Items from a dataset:

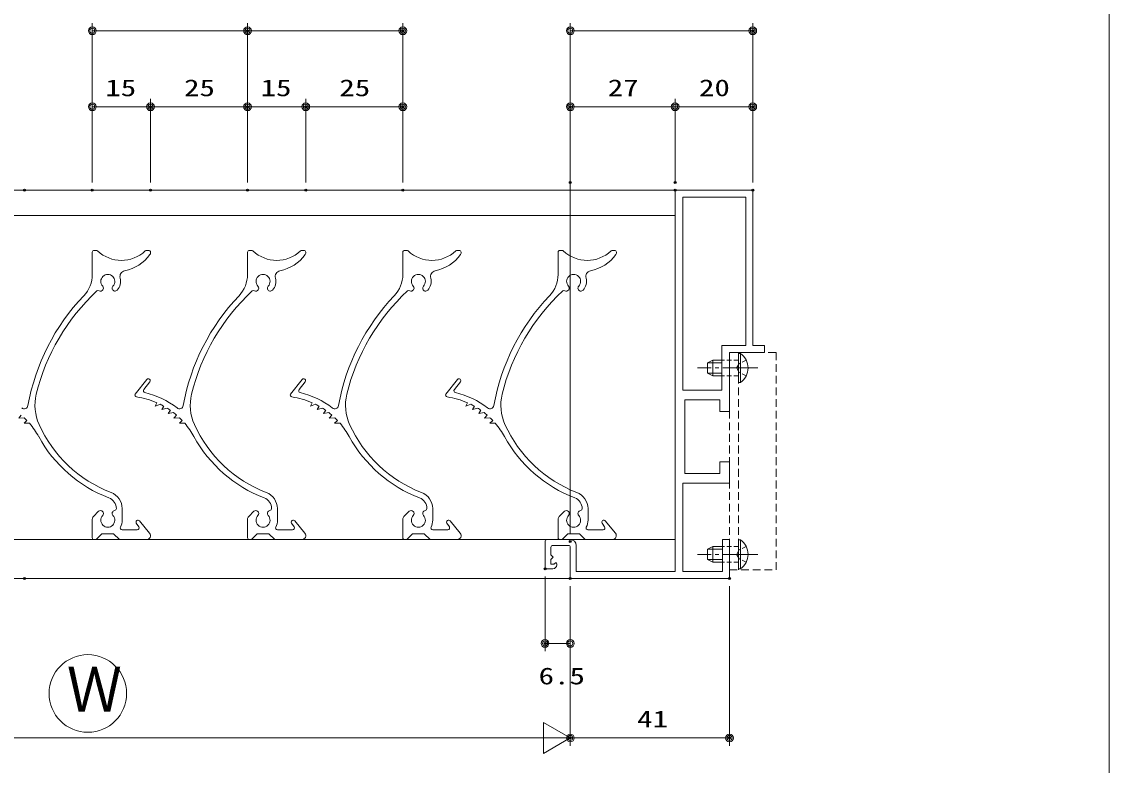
# Model space of a CAD drawing. Units: millimetres on the paper. Extents: x -395 to 395, y -281 to 281.
# Drawn here: x 115.2 to 395.3, y -169.7 to 21.9 of the extents above; entities that cross this region are included whole.
import ezdxf
from ezdxf.enums import TextEntityAlignment as Align

# ---------------------------------------------------------------- set-up
doc = ezdxf.new("R2010")
doc.units = ezdxf.units.MM
doc.header["$PDMODE"] = 32
doc.header["$PDSIZE"] = 0.5
for name, pattern in [('CHAIN2', [12, 9, -1, 1, -1]), ('DASHED1', [1.8, 1.2, -0.6]), ('DASHED2', [3, 2, -1])]:
    doc.linetypes.add(name, pattern=pattern)
for name, color, linetype, lineweight in [('0-0_USERZ', 3, 'Continuous', 9), ('0-1_F-1', 7, 'Continuous', 9), ('0-5_0', 7, 'Continuous', 9), ('0-7_KATAZAI', 7, 'Continuous', 9), ('0-8_YSS_ZEN', 6, 'Continuous', 9), ('0-9_PARTS3', 134, 'Continuous', 9), ('0-B_1-2', 7, 'Continuous', 9), ('0-C__0-7_', 7, 'Continuous', 9), ('0-E_1-3', 3, 'DASHED2', 9)]:
    doc.layers.add(name, color=color, linetype=linetype, lineweight=lineweight)
doc.layers.add('0-6_Defpoints', color=7, linetype='Continuous')
doc.styles.add('ＭＳ ゴシック', font='')
doc.styles.get('ＭＳ ゴシック').set_extended_font_data('MS Gothic')

# ---------------------------------------------------------------- blocks, each defined once
blk = doc.blocks.new('図枠')
at = {"layer": '0-1_F-1'}
blk.add_lwpolyline([(790.6, 0), (0, 0), (0, 562), (790.6, 562)], close=True, dxfattribs=at)
blk = doc.blocks.new('WAKU-W')
at = {"layer": '0-5_0'}
for p, q in [((4.5, -3.75), (4.5, -3.5)), ((5.069, -3.778), (4.931, -3.922)), ((5.25, -3.7), (6, -3.7)), ((7, -10), (1, -10)), ((1.5, -8.5), (5.5, -8.5)), ((-26, -100), (-25.99, -100)), ((-26, -100), (-25.99, -100))]:
    blk.add_line(p, q, dxfattribs=at)
for points in [[(-26, -100), (-46, -100), (-46, -60), (-49, -60), (-49, -58.2), (-40, -58.2), (-40, -43), (-37.5, -43), (-37.5, -46), (-28.5, -46), (-28.5, -26.998), (-37.5, -26.998), (-37.5, -30), (-40, -30), (-40, -24.498), (-28, -24.498), (-28, -1.8), (-38.2, -1.8), (-38.2, -10), (-40, -10), (-40, 0), (1, 0), (1, -8)], [(-0.5, -8.5), (-0.5, -1.8), (-26, -1.8), (-26, -24.998), (-25.99, -24.998)], [(5.5, -2.5), (7.5, -2.5), (7.5, -9.5)], [(6, -8), (6, -6.1), (5.4, -5.5), (6, -4.9), (6, -3.7)], [(-26, -24.998), (-26, -48), (-25.99, -48)], [(-26, -48), (-26, -100), (-25.99, -100)]]:
    blk.add_lwpolyline(points, dxfattribs=at)
blk.add_lwpolyline([(-28, -98.2), (-28, -48.5), (-38, -48.5), (-38, -60), (-44.2, -60), (-44.2, -98.2)], close=True, dxfattribs=at)
for centre, radius, start, end in [((5.5, -3.5), 1, 90, 180), ((4.75, -3.75), 0.25, 180, 316.39718), ((5.25, -3.95), 0.25, 90, 136.39718), ((1.5, -8), 0.5, 180, 270), ((5.5, -8), 0.5, 270, 0), ((1, -8.5), 1.5, 180, 270), ((7, -9.5), 0.5, 270, 0)]:
    blk.add_arc(centre, radius, start, end, dxfattribs=at)
blk = doc.blocks.new('DOT1')
at = {"layer": '0-5_0'}
blk.add_line((0, 0), (-1, 0), dxfattribs=at)
for radius in [0.5, 0.325]:
    blk.add_circle((0, 0), radius, dxfattribs=at)
blk = doc.blocks.new('ALW1')
at = {"layer": '0-5_0'}
blk.add_line((0, 0), (-1, 0), dxfattribs=at)
blk.add_lwpolyline([(-0.34641, -0.2), (0, 0), (-0.34641, 0.2)], close=True, dxfattribs=at)
blk = doc.blocks.new('U18')
at = {"layer": '0-9_PARTS3'}
for p, q in [((-0.509, 3.75), (0, 3.75)), ((0, 3.75), (0, -3.75)), ((4.3, 2), (6.6, 2)), ((4.3, 1.346), (7.909, 1.346)), ((6.6, 2), (6.6, -2)), ((8, 1.3), (6.6, 2)), ((8, 1.3), (8, -1.3)), ((4.3, -1.346), (7.909, -1.346)), ((4.3, -2), (6.6, -2)), ((8, -1.3), (6.6, -2))]:
    blk.add_line(p, q, dxfattribs=at)
at = {"layer": '0-9_PARTS3', "linetype": 'CHAIN2'}
blk.add_line((-5, 0), (10.5, 0), dxfattribs=at)
at = {"layer": '0-9_PARTS3', "linetype": 'DASHED1'}
for p, q in [((0, 2), (4.3, 2)), ((0, -2), (4.3, -2))]:
    blk.add_line(p, q, dxfattribs=at)
at = {"layer": '0-9_PARTS3'}
blk.add_lwpolyline([(-0.509, 3.75), (-0.509, -3.75), (0, -3.75)], dxfattribs=at)
at = {"layer": '0-9_PARTS3', "linetype": 'DASHED1'}
for points in [[(-2.009, 2.05), (-0.154, 1.145), (0.455, 0)], [(-2.009, -2.05), (-0.154, -1.145), (0.455, 0)]]:
    blk.add_lwpolyline(points, dxfattribs=at)
at = {"layer": '0-9_PARTS3'}
blk.add_arc((2.027, 0), 4.527, 124.06671, 235.93329, dxfattribs=at)
blk = doc.blocks.new('U19')
at = {"layer": '0-9_PARTS3'}
for p, q in [((-0.509, 3.75), (0, 3.75)), ((0, 3.75), (0, -3.75)), ((4.1, 2), (6.6, 2)), ((4.1, 1.346), (7.909, 1.346)), ((6.6, 2), (6.6, -2)), ((8, 1.3), (6.6, 2)), ((8, 1.3), (8, -1.3)), ((4.1, -1.346), (7.909, -1.346)), ((4.1, -2), (6.6, -2)), ((8, -1.3), (6.6, -2))]:
    blk.add_line(p, q, dxfattribs=at)
at = {"layer": '0-9_PARTS3', "linetype": 'CHAIN2'}
blk.add_line((-5, 0), (10.5, 0), dxfattribs=at)
at = {"layer": '0-9_PARTS3', "linetype": 'DASHED1'}
for p, q in [((0, 2), (4.1, 2)), ((0, -2), (4.1, -2))]:
    blk.add_line(p, q, dxfattribs=at)
at = {"layer": '0-9_PARTS3'}
blk.add_lwpolyline([(-0.509, 3.75), (-0.509, -3.75), (0, -3.75)], dxfattribs=at)
at = {"layer": '0-9_PARTS3', "linetype": 'DASHED1'}
for points in [[(-2.009, 2.05), (-0.154, 1.145), (0.455, 0)], [(-2.009, -2.05), (-0.154, -1.145), (0.455, 0)]]:
    blk.add_lwpolyline(points, dxfattribs=at)
at = {"layer": '0-9_PARTS3'}
blk.add_arc((2.027, 0), 4.527, 124.06671, 235.93329, dxfattribs=at)
blk = doc.blocks.new('A$C0AB24780')
at = {"layer": '0-E_1-3'}
blk.add_line((-2.3, -1.799), (-2.3, -57.799), dxfattribs=at)
blk.add_lwpolyline([(0, -57.799), (0, -1.799), (-12, -1.799), (-12, -57.799)], close=True, dxfattribs=at)
at = {"layer": '0-9_PARTS3'}
for name, p in [('U19', (-2.3, -5.799)), ('U18', (-2.3, -53.799))]:
    blk.add_blockref(name, p, dxfattribs=at)

msp = doc.modelspace()

# ---------------------------------------------------------------- linework, layer by layer
at = {"layer": '0-0_USERZ'}
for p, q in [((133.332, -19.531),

## PROBLEM REQUIREMENTS
Reproduce the data above word for word from its first line through the line that holds "doc.styles.add('ＭＳ ゴシック', font='')", both ends included; skip pictures.

## TASK OUTPUT
# Model space of a CAD drawing. Units: millimetres on the paper. Extents: x -395 to 395, y -281 to 281.
# Drawn here: x 115.2 to 395.3, y -169.7 to 21.9 of the extents above; entities that cross this region are included whole.
import ezdxf
from ezdxf.enums import TextEntityAlignment as Align

# ---------------------------------------------------------------- set-up
doc = ezdxf.new("R2010")
doc.units = ezdxf.units.MM
doc.header["$PDMODE"] = 32
doc.header["$PDSIZE"] = 0.5
for name, pattern in [('CHAIN2', [12, 9, -1, 1, -1]), ('DASHED1', [1.8, 1.2, -0.6]), ('DASHED2', [3, 2, -1])]:
    doc.linetypes.add(name, pattern=pattern)
for name, color, linetype, lineweight in [('0-0_USERZ', 3, 'Continuous', 9), ('0-1_F-1', 7, 'Continuous', 9), ('0-5_0', 7, 'Continuous', 9), ('0-7_KATAZAI', 7, 'Continuous', 9), ('0-8_YSS_ZEN', 6, 'Continuous', 9), ('0-9_PARTS3', 134, 'Continuous', 9), ('0-B_1-2', 7, 'Continuous', 9), ('0-C__0-7_', 7, 'Continuous', 9), ('0-E_1-3', 3, 'DASHED2', 9)]:
    doc.layers.add(name, color=color, linetype=linetype, lineweight=lineweight)
doc.layers.add('0-6_Defpoints', color=7, linetype='Continuous')
doc.styles.add('ＭＳ ゴシック', font='')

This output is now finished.